[[ Data shown, beginning ]]

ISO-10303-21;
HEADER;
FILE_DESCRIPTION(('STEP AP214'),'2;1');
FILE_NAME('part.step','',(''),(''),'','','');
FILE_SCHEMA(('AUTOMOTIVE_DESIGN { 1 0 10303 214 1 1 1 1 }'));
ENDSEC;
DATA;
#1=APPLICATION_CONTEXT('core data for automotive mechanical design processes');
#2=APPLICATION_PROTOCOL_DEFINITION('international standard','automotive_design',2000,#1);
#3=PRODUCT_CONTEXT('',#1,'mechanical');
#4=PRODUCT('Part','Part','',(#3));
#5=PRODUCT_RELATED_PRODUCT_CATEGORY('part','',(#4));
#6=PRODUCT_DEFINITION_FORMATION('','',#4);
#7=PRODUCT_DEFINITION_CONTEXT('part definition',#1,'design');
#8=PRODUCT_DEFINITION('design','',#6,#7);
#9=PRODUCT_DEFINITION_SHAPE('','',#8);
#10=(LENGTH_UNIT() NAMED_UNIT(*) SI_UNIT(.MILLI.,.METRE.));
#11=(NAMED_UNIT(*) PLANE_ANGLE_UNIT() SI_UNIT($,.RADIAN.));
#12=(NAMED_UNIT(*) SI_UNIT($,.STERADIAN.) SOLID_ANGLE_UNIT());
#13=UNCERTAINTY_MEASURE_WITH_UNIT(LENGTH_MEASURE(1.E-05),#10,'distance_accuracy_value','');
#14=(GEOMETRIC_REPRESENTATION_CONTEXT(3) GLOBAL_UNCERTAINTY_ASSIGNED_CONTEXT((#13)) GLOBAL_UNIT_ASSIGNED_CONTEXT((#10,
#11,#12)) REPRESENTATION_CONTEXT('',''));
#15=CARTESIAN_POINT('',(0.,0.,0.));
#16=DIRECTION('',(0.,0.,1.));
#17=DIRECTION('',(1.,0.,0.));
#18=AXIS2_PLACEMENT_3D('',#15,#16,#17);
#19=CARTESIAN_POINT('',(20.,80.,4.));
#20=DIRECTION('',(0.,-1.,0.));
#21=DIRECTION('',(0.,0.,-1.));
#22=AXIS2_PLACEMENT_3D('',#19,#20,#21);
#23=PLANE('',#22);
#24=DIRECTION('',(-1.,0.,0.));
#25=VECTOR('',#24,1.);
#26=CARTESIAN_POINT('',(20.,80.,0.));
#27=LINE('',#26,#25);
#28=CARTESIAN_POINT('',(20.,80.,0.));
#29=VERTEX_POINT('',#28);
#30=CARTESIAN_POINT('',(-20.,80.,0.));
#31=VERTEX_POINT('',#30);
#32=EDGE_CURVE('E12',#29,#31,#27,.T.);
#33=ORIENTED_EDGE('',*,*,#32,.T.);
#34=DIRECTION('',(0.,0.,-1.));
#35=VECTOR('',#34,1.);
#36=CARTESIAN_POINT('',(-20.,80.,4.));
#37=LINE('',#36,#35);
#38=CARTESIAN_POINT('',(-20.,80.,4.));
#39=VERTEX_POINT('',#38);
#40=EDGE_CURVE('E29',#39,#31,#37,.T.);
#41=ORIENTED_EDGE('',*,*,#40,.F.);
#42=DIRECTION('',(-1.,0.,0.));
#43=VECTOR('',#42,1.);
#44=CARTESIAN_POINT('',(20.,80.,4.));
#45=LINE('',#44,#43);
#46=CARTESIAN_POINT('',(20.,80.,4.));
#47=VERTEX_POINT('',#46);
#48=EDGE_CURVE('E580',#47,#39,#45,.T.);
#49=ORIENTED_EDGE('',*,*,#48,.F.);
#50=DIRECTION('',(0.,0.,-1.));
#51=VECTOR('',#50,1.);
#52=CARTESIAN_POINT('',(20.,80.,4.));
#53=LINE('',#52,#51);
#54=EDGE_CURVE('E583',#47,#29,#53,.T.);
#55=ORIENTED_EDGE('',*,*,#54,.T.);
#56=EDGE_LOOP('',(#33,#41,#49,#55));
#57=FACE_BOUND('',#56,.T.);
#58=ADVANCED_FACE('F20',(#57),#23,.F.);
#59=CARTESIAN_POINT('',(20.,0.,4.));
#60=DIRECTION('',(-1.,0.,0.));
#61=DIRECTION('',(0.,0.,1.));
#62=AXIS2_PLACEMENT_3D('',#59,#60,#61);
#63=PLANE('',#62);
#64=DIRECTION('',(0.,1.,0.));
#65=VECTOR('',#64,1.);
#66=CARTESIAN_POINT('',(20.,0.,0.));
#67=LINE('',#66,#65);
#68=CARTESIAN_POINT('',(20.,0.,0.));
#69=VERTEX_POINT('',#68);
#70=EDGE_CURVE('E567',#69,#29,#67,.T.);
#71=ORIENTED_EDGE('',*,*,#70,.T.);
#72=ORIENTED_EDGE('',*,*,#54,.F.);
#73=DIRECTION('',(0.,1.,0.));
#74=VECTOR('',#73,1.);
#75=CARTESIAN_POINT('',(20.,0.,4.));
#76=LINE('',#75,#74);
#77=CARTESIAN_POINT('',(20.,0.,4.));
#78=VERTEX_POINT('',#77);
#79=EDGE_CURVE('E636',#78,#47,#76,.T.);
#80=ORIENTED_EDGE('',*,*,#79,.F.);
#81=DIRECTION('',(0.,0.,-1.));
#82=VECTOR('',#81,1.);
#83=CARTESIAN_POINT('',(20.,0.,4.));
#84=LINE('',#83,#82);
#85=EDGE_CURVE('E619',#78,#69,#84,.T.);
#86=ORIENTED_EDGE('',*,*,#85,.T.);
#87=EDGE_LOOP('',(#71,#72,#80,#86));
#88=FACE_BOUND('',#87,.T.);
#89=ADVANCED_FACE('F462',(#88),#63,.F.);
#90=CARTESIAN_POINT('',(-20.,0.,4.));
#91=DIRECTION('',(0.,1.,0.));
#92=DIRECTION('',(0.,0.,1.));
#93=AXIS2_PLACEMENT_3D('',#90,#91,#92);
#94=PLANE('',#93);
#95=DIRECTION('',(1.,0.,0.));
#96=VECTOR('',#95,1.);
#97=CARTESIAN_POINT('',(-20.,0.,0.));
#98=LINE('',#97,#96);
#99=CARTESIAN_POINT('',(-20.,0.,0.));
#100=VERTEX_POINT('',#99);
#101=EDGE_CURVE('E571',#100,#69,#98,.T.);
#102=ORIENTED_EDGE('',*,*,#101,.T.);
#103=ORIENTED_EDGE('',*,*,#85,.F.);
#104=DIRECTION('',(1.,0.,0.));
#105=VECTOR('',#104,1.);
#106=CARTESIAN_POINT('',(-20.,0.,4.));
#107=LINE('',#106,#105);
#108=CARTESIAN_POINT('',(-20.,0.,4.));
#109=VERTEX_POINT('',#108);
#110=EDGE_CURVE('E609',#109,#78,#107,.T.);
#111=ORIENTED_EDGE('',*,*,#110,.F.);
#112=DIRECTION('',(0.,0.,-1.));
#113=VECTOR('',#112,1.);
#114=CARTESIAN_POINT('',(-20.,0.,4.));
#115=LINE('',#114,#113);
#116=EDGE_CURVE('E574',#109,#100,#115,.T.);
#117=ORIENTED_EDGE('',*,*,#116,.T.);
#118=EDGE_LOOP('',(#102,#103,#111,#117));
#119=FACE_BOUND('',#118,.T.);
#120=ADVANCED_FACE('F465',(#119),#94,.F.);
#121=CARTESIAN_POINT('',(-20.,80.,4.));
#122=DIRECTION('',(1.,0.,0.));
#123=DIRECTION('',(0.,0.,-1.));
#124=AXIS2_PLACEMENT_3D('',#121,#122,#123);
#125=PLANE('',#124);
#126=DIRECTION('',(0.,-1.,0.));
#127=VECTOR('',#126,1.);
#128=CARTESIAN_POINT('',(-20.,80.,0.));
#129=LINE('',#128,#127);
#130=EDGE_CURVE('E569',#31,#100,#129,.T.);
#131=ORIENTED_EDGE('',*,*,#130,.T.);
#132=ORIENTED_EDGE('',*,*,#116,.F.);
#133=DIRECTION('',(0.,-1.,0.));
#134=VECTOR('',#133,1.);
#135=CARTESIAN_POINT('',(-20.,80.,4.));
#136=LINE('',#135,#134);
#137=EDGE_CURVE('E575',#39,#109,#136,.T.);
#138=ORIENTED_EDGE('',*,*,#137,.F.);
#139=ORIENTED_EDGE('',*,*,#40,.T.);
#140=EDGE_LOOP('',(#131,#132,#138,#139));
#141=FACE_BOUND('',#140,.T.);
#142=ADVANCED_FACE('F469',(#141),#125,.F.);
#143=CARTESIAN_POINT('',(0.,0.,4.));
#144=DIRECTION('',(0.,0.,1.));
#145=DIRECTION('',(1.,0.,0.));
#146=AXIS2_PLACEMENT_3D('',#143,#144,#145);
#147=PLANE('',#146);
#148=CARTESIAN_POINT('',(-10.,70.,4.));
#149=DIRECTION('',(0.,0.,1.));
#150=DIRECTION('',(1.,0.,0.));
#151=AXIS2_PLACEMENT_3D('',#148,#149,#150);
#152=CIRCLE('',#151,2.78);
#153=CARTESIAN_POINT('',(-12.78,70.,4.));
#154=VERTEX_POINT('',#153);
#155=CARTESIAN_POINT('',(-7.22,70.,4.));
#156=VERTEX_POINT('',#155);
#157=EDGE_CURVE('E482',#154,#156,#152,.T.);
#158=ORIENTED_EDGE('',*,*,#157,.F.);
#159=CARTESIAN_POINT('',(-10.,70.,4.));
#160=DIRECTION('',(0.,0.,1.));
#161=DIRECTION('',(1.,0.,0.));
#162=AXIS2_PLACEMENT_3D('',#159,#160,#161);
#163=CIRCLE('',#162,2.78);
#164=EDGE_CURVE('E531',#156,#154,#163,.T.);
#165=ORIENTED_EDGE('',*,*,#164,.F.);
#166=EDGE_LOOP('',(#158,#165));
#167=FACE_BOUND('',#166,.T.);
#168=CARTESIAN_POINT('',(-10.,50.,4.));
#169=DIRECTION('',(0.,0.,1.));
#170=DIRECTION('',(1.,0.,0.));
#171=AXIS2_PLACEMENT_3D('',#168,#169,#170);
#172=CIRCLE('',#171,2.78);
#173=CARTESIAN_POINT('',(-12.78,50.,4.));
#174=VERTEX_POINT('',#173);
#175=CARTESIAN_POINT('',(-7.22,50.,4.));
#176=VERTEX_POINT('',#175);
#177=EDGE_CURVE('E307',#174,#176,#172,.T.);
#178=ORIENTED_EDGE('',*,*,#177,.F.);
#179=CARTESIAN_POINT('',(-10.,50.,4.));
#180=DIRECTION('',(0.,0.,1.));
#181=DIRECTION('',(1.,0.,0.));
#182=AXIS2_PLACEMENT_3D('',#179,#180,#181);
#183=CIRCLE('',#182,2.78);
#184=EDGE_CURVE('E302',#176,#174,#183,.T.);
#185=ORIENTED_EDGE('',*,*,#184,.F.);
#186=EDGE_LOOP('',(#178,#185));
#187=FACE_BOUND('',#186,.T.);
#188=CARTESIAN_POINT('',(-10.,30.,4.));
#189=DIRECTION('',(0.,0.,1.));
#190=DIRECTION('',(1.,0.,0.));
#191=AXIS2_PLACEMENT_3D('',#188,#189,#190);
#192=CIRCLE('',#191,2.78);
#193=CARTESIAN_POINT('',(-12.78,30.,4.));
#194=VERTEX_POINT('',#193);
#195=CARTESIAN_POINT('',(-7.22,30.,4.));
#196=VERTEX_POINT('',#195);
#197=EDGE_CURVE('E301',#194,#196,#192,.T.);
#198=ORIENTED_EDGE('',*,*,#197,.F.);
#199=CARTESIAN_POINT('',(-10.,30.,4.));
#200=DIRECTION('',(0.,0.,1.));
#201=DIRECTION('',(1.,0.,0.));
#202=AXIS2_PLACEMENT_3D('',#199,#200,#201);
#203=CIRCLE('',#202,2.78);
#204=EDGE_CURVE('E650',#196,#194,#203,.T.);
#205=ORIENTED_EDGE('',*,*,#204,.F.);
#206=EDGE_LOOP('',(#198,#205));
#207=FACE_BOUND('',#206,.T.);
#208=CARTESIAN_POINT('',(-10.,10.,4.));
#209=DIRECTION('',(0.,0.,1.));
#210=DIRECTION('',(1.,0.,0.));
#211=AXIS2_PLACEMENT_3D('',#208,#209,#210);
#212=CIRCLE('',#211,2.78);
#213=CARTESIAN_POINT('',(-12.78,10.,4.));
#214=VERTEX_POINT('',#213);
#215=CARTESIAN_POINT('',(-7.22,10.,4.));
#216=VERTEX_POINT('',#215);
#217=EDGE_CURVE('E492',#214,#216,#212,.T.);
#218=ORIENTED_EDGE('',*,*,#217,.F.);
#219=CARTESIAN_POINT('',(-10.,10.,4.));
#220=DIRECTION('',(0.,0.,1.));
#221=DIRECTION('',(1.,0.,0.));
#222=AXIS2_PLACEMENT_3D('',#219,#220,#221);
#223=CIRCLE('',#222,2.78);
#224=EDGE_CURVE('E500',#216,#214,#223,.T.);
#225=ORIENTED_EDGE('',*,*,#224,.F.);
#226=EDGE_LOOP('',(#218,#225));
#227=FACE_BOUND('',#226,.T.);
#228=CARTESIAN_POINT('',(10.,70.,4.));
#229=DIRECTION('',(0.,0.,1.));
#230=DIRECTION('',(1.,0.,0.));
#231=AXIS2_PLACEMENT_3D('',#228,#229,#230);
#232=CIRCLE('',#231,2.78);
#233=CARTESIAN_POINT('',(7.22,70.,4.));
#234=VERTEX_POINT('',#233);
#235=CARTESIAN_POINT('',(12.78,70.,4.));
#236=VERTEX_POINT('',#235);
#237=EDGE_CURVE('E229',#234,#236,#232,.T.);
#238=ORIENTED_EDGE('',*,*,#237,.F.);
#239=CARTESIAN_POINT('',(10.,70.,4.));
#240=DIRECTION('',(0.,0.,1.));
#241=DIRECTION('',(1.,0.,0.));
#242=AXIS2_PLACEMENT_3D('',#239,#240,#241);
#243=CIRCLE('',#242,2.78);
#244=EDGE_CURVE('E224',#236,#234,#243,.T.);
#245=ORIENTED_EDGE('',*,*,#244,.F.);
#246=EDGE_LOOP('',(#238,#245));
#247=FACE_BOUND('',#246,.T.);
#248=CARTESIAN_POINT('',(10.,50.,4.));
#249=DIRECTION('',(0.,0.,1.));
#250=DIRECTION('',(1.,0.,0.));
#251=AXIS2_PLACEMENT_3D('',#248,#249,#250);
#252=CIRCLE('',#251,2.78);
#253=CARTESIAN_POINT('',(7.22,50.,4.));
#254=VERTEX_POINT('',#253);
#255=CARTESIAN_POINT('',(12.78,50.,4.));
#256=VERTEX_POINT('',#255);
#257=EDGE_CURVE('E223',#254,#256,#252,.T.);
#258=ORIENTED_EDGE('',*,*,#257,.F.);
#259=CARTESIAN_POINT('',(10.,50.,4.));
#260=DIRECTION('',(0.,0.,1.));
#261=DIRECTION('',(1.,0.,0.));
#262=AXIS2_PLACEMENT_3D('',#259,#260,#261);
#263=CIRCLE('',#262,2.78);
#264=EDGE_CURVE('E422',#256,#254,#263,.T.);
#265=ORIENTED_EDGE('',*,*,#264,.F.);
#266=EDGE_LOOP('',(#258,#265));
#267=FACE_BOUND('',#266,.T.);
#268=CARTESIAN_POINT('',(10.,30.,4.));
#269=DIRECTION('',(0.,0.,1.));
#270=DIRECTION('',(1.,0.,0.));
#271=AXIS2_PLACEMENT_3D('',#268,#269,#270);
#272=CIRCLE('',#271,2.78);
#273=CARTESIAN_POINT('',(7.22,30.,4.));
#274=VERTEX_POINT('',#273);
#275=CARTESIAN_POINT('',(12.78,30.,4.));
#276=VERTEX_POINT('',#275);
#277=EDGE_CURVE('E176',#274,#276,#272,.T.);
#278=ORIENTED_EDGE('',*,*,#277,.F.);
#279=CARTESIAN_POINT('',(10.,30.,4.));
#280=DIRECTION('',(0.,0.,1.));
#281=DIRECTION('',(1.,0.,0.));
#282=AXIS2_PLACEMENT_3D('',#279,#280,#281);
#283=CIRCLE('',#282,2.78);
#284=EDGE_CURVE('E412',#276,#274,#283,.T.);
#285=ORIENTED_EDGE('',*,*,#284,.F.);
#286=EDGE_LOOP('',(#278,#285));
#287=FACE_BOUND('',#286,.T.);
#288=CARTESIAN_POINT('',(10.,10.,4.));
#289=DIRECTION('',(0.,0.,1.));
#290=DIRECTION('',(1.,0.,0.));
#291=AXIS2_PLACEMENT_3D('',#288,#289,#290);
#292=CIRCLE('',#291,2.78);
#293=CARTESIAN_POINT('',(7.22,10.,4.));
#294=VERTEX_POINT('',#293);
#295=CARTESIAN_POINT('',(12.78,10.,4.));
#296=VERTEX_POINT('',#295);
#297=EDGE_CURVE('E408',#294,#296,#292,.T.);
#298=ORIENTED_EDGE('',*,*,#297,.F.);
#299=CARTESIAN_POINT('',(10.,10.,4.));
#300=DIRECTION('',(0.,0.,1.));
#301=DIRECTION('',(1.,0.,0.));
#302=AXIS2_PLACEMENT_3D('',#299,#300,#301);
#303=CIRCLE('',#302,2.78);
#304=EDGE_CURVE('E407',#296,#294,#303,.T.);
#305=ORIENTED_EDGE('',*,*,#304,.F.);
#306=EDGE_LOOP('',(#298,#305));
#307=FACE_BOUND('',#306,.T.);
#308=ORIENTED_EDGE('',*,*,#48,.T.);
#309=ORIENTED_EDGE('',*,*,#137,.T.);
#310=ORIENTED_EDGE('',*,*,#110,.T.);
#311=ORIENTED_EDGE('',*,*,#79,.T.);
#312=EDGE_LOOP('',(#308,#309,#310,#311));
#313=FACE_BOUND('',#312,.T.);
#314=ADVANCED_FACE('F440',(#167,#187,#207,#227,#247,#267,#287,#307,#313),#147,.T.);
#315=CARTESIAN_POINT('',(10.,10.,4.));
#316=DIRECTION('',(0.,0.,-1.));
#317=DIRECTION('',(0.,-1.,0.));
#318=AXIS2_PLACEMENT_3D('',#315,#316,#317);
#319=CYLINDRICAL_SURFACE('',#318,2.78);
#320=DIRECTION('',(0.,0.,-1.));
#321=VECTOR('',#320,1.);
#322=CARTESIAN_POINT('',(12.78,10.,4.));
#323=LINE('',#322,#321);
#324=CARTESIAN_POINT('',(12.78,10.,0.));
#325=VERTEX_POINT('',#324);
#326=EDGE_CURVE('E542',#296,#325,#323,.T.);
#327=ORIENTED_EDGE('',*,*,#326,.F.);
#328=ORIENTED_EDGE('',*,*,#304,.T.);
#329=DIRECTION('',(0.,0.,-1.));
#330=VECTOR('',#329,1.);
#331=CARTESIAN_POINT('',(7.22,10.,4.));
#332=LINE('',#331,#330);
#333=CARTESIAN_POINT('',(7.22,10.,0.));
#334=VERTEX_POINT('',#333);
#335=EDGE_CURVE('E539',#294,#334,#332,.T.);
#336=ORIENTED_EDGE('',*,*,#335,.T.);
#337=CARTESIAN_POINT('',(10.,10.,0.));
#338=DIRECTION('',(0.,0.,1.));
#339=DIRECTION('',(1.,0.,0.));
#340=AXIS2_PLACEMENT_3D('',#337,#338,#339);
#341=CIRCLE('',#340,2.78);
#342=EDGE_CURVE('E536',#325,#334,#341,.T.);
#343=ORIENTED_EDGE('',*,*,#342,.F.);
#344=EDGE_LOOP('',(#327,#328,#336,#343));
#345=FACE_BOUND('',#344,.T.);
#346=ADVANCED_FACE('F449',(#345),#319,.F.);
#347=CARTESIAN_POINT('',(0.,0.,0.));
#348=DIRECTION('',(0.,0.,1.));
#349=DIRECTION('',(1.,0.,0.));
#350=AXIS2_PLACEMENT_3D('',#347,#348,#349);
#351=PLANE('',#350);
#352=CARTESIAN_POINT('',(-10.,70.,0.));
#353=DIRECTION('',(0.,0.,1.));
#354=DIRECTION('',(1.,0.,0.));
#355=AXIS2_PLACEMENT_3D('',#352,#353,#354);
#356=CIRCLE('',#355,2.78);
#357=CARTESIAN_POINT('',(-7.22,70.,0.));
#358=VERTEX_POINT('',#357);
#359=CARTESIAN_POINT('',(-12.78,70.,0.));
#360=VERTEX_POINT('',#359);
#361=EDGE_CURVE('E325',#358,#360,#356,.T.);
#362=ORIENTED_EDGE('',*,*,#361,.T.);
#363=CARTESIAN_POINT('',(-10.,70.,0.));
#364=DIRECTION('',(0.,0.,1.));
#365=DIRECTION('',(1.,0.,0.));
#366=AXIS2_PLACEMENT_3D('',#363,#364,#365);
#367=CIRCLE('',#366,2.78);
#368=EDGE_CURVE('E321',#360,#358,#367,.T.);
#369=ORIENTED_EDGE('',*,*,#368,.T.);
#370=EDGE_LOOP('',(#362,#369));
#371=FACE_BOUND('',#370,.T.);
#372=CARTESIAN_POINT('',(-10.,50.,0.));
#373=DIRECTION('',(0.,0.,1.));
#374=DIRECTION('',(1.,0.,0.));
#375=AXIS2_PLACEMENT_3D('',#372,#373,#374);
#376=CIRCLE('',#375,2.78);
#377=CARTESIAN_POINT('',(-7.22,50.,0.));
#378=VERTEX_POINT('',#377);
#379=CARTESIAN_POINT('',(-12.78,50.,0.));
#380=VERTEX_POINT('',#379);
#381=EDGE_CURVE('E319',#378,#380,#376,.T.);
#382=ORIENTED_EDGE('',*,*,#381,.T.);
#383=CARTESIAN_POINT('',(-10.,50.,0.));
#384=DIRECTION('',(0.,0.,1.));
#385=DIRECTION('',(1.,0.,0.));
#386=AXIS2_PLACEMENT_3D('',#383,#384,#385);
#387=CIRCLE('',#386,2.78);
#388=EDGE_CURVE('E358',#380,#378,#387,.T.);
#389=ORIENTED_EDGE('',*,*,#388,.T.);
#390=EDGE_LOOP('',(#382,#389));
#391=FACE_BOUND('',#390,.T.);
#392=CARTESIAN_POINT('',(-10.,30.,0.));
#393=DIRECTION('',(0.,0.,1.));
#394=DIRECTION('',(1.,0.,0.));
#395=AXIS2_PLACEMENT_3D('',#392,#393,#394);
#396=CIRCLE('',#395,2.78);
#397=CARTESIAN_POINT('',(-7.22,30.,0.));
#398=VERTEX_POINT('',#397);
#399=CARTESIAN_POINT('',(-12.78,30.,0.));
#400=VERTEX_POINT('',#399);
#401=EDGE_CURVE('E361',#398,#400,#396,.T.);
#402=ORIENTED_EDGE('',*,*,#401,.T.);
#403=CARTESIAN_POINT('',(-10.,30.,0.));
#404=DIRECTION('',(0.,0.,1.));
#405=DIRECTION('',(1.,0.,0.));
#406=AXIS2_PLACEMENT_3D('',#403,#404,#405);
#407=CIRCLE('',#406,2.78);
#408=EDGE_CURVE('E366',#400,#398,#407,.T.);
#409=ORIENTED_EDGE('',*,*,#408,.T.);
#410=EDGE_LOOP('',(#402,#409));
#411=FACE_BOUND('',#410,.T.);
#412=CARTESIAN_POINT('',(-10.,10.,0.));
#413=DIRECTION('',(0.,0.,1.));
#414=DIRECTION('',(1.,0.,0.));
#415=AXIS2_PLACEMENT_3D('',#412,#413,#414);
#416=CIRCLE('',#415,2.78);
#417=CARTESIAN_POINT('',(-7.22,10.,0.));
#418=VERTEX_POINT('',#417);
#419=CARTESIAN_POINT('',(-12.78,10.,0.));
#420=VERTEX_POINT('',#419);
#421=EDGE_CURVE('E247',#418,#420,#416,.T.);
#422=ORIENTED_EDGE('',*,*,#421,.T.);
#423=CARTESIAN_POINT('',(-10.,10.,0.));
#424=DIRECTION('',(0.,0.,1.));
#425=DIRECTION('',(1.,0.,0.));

[[ Data shown, end ]]

### Required action
Word for word, restate the entries from the first line to the line that has "#54=EDGE_CURVE('E583',#47,#29,#53,.T.);", both included, and nothing else.

### Exercise solution
ISO-10303-21;
HEADER;
FILE_DESCRIPTION(('STEP AP214'),'2;1');
FILE_NAME('part.step','',(''),(''),'','','');
FILE_SCHEMA(('AUTOMOTIVE_DESIGN { 1 0 10303 214 1 1 1 1 }'));
ENDSEC;
DATA;
#1=APPLICATION_CONTEXT('core data for automotive mechanical design processes');
#2=APPLICATION_PROTOCOL_DEFINITION('international standard','automotive_design',2000,#1);
#3=PRODUCT_CONTEXT('',#1,'mechanical');
#4=PRODUCT('Part','Part','',(#3));
#5=PRODUCT_RELATED_PRODUCT_CATEGORY('part','',(#4));
#6=PRODUCT_DEFINITION_FORMATION('','',#4);
#7=PRODUCT_DEFINITION_CONTEXT('part definition',#1,'design');
#8=PRODUCT_DEFINITION('design','',#6,#7);
#9=PRODUCT_DEFINITION_SHAPE('','',#8);
#10=(LENGTH_UNIT() NAMED_UNIT(*) SI_UNIT(.MILLI.,.METRE.));
#11=(NAMED_UNIT(*) PLANE_ANGLE_UNIT() SI_UNIT($,.RADIAN.));
#12=(NAMED_UNIT(*) SI_UNIT($,.STERADIAN.) SOLID_ANGLE_UNIT());
#13=UNCERTAINTY_MEASURE_WITH_UNIT(LENGTH_MEASURE(1.E-05),#10,'distance_accuracy_value','');
#14=(GEOMETRIC_REPRESENTATION_CONTEXT(3) GLOBAL_UNCERTAINTY_ASSIGNED_CONTEXT((#13)) GLOBAL_UNIT_ASSIGNED_CONTEXT((#10,
#11,#12)) REPRESENTATION_CONTEXT('',''));
#15=CARTESIAN_POINT('',(0.,0.,0.));
#16=DIRECTION('',(0.,0.,1.));
#17=DIRECTION('',(1.,0.,0.));
#18=AXIS2_PLACEMENT_3D('',#15,#16,#17);
#19=CARTESIAN_POINT('',(20.,80.,4.));
#20=DIRECTION('',(0.,-1.,0.));
#21=DIRECTION('',(0.,0.,-1.));
#22=AXIS2_PLACEMENT_3D('',#19,#20,#21);
#23=PLANE('',#22);
#24=DIRECTION('',(-1.,0.,0.));
#25=VECTOR('',#24,1.);
#26=CARTESIAN_POINT('',(20.,80.,0.));
#27=LINE('',#26,#25);
#28=CARTESIAN_POINT('',(20.,80.,0.));
#29=VERTEX_POINT('',#28);
#30=CARTESIAN_POINT('',(-20.,80.,0.));
#31=VERTEX_POINT('',#30);
#32=EDGE_CURVE('E12',#29,#31,#27,.T.);
#33=ORIENTED_EDGE('',*,*,#32,.T.);
#34=DIRECTION('',(0.,0.,-1.));
#35=VECTOR('',#34,1.);
#36=CARTESIAN_POINT('',(-20.,80.,4.));
#37=LINE('',#36,#35);
#38=CARTESIAN_POINT('',(-20.,80.,4.));
#39=VERTEX_POINT('',#38);
#40=EDGE_CURVE('E29',#39,#31,#37,.T.);
#41=ORIENTED_EDGE('',*,*,#40,.F.);
#42=DIRECTION('',(-1.,0.,0.));
#43=VECTOR('',#42,1.);
#44=CARTESIAN_POINT('',(20.,80.,4.));
#45=LINE('',#44,#43);
#46=CARTESIAN_POINT('',(20.,80.,4.));
#47=VERTEX_POINT('',#46);
#48=EDGE_CURVE('E580',#47,#39,#45,.T.);
#49=ORIENTED_EDGE('',*,*,#48,.F.);
#50=DIRECTION('',(0.,0.,-1.));
#51=VECTOR('',#50,1.);
#52=CARTESIAN_POINT('',(20.,80.,4.));
#53=LINE('',#52,#51);
#54=EDGE_CURVE('E583',#47,#29,#53,.T.);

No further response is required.